The 3NXDOMAIN entry is the missing IPv6 AAAA entry (host according to the man page and without any option queries A, AAAA and MX entries by default) which is due to the fact that this is an IPv4 network only. The same output is also returned when I use host www (i.e. I leave out the domain name).

Further investigation with wireshark/tcpdump revealed that the client Win7 PC sends an SSL ClientHello package to the server which is never replied to thus the communication breaks down. FF therfore also says something around the lines of "Error during data transmission"). The sequence of events (after DNS name resolution) according to wireshark is as follows:

```
C [55734] -> S [443]: TCP SYN (Seq=0)

S [443] -> C [55734]: TCP SYN, ACK (Seq=0 Ack=1)

C [55734] -> S [443]: TCP ACK (Seq=1 Ack=1)

C [55734] -> S [443]: SSL Client Hello

S [443] -> C [55734]: TCP ACK (Seq=1 Ack=190)

S [443] -> C [55734]: TCP FIN, ACK (Seq=1 Ack=190)

C [55734] -> S [443]: TCP ACK (Seq=190 Ack=2)

C [66734] -> S [443]: TCP FIN, ACK (Seq=190, Ack=2)

S [443] -> C [55734]: TCP ACK (Seq=2 ACK=191)
```

If, however, I use the ip address a slightly different sequence of packages (and obviously no DNS resolution) can be seen as follows:

```
C [55899] -> S [443]: TCP SYN (Seq=0)

S [443] -> C [55899]: TCP SYN, ACK (Seq=0 Ack=1)

C [55899] -> S [443]: TCP ACK (Seq=1 Ack=1)

C [55899] -> S [443]: TLSv1.2 Client Hello

S [443] -> C [55899]: TCP ACK (Seq=1 Ack=191)

S [443] -> C [55899]: TLSv1.2 Server Hello (reassembled packet)

C [55899] -> S [443]: TCP ACK (Seq=191  Ack=2921)

S [443] -> C [55899]: TLSv1.2 Certificate

C [55899] -> S [443]: TCP ACK (Seq=191 Ack=5641)

C [55899] -> S [443]: TLSv1.2 Client Key Exchange. Change Cipher Spec, Encrypted Handshake Message

C [55899] -> S [443]: TLSv1.2 Application Data

S [443] -> C [55899]: TLSv1.2 Application Data
```

The one big obvious difference (over and above the missing DNS stuff which I have left out in the first case) seems to be SSL in the fqdn case versus TLSv1.2 in the ipaddress case - something I am unable to explain (the client is Win7 with FF, latest version 32.0.3; BTW the same problem also happens when I use lynx from the linux command line to connect by fqdn; the error message is "Alert!: Unable to make secure connection to remote host."; using the ipaddress it works but throws an expected certificate error as the cert is only linked to the hostname and not the IP address).

On the gentoo box with the apache server the error log for apache shows that the reason for not replying for the first case simply is down to the fact that apache segfqults:

```
[Sun Oct 12 10:34:59 2014] [notice] child pid 3386 exit signal Segmentation fault (11)
```

whereas in the second case there's no problem and everything works as expected. Even if the segfault were down to the difference between SSL and TLS apache in my view should not segfault in any case.

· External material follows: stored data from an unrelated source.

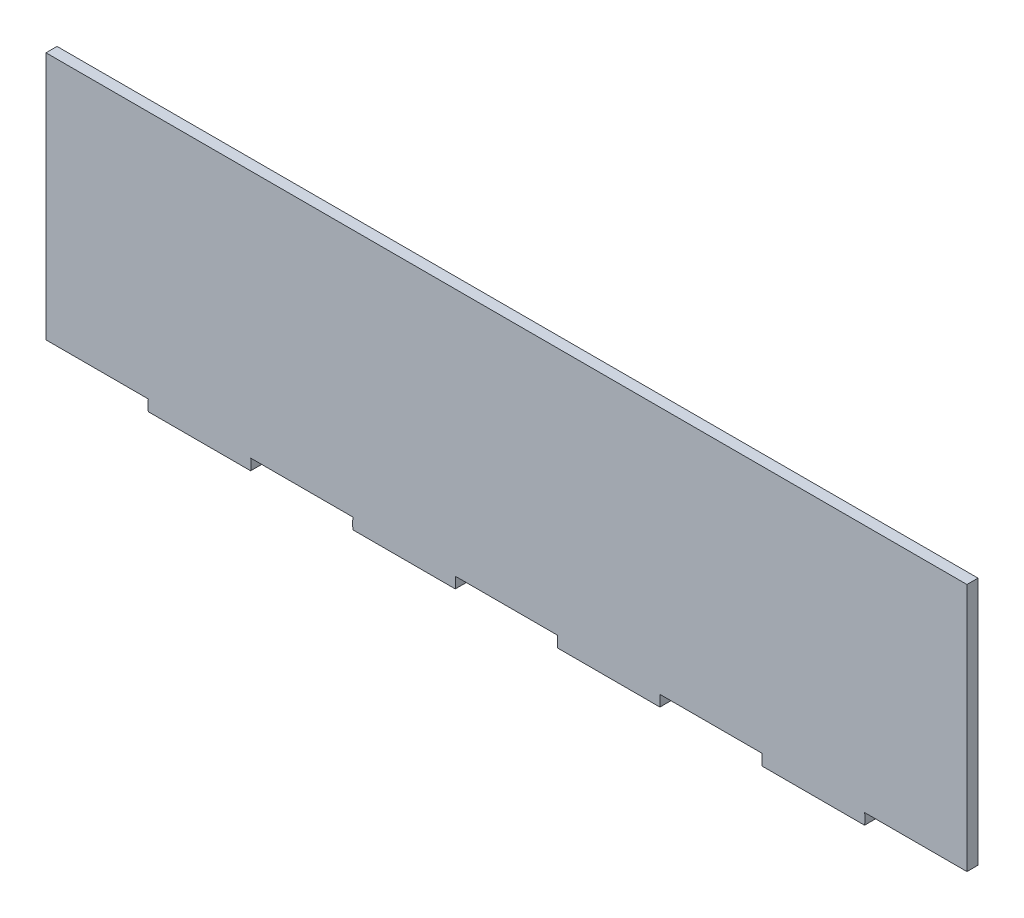
SolidWorks part; units mm, degrees
material "Pine"
ref_plane "Front Plane" through (0, 0, 0) normal (0, 0, 1) x (1, 0, 0)
ref_plane "Top Plane" through (0, 0, 0) normal (0, 1, 0) x (1, 0, 0)
ref_plane "Right Plane" through (0, 0, 0) normal (1, 0, 0) x (0, 0, -1)
sketch "Sketch1" plane through (0, 0, 0) normal (0, 0, 1) x (1, 0, 0)
  line L1 (-250, -70.5) -> (250, -70.5)
  line L2 (-250, -70.5) -> (-250, 70.5)
  line L3 (-250, 70.5) -> (250, 70.5)
  line L4 (250, -70.5) -> (250, 70.5)
  line L5 (-250, -70.5) -> (250, 70.5) construction
  line L6 (-250, 70.5) -> (250, -70.5) construction
  point P0 (0, 0)
  dimension "D1" = 500
  dimension "D2" = 141
extrude "Boss-Extrude1" add sketch "Sketch1" along normal blind 6
sketch "Sketch2" plane through (0, 0, 6) normal (0, 0, 1) x (1, 0, 0)
  line L0 (-250, -70.5) -> (250, -70.5) construction
  line L1 (194.4, -70.5) -> (138.8, -70.5)
  line L2 (194.4, -70.5) -> (194.4, -64.5)
  line L3 (194.4, -64.5) -> (138.8, -64.5)
  line L4 (138.8, -70.5) -> (138.8, -64.5)
  line L5 (250, -70.5) -> (250, 70.5) construction
  line L6 (194.4, -64.5) -> (250, -64.5)
  ellipse E0 centre (194.4, -67.5) end of major axis (194.4, -64.5) minor radius 0.2
  ellipse E1 centre (250, -67.5) end of major axis (250, -70.5) minor radius 0.2
  point P6 (138.8, -67.5)
  line M5 (-250, -70.5) -> (250, -70.5)
  dimension "D1" = 6
  dimension "D2" = 55.6
  dimension "D3" = 55.6
  dimension "D4" = 0.2
  dimension "D5" = 0.2
  dimension "D6" = 3
extrude "Cut-Extrude1" cut sketch "Sketch2" against normal blind 6 contours E1 L6 E0 M5 region at (222.2, -67.5, 6)
pattern_linear "LPattern1" count 5 spacing 111.1 along (-1, 0, 0) of "Cut-Extrude1"
sketch "Sketch3" plane through (0, 0, 6) normal (0, 0, 1) x (1, 0, 0)
  line L1 (-250, -64.5) -> (-249.4463, -64.5)
  line L2 (-250, -64.5) -> (-250, -70.5)
  line L3 (-250, -70.5) -> (-249.4463, -70.5)
  line L4 (-249.4463, -64.5) -> (-249.4463, -70.5)
  dimension "D1" = 6
  dimension "D2" = 0.5537
extrude "Cut-Extrude2" cut sketch "Sketch3" against normal blind 6
sketch "Sketch4" plane through (0, 0, 6) normal (0, 0, 1) x (1, 0, 0)
  line L1 (250, -64.5) -> (249.3874, -64.5)
  line L2 (250, -64.5) -> (250, -70.5)
  line L3 (250, -70.5) -> (249.3874, -70.5)
  line L4 (249.3874, -64.5) -> (249.3874, -70.5)
  dimension "D1" = 6
  dimension "D2" = 0.6126
extrude "Cut-Extrude3" cut sketch "Sketch4" against normal blind 6

If anybody could shed some light on this and how to get to the grounds of this, I'd be very obliged.

Thanks in advance Atom2Last edited by Atom2 on Mon Oct 20, 2014 10:01 pm; edited 3 times in total

----------

## Hu

The different behaviour between selecting SSL vs TLSv1.2 is interesting, but could be a client artifact or even a presentation quirk caused by how the decoder interprets the truncated versus full byte streams.  You buried the lead by putting the Apache crash at the bottom.  That is the most interesting aspect and the top priority.  What does the backtrace show when it crashes?  Are there any other errors logged around this time?

----------

## Atom2

Hu,

many thanks for answering.

 *Hu wrote:*   

> You buried the lead by putting the Apache crash at the bottom.  That is the most interesting aspect and the top priority

 Appologies if my report was not as clear as it should have been, but my intention was to also document how I was trying to figure out what was going on - and the crash was the last step that I encountered as I did not really expect anything like that: Albeit, apache still seemed to be working fine unless I used https. In hindsight however that was due to other workers being around and the main apache process immediately restarting its crashed child.

 *Hu wrote:*   

> What does the backtrace show when it crashes?

 I would require some help on how to arrive at a backtrace as I have never done that before. But I am happy to learn ...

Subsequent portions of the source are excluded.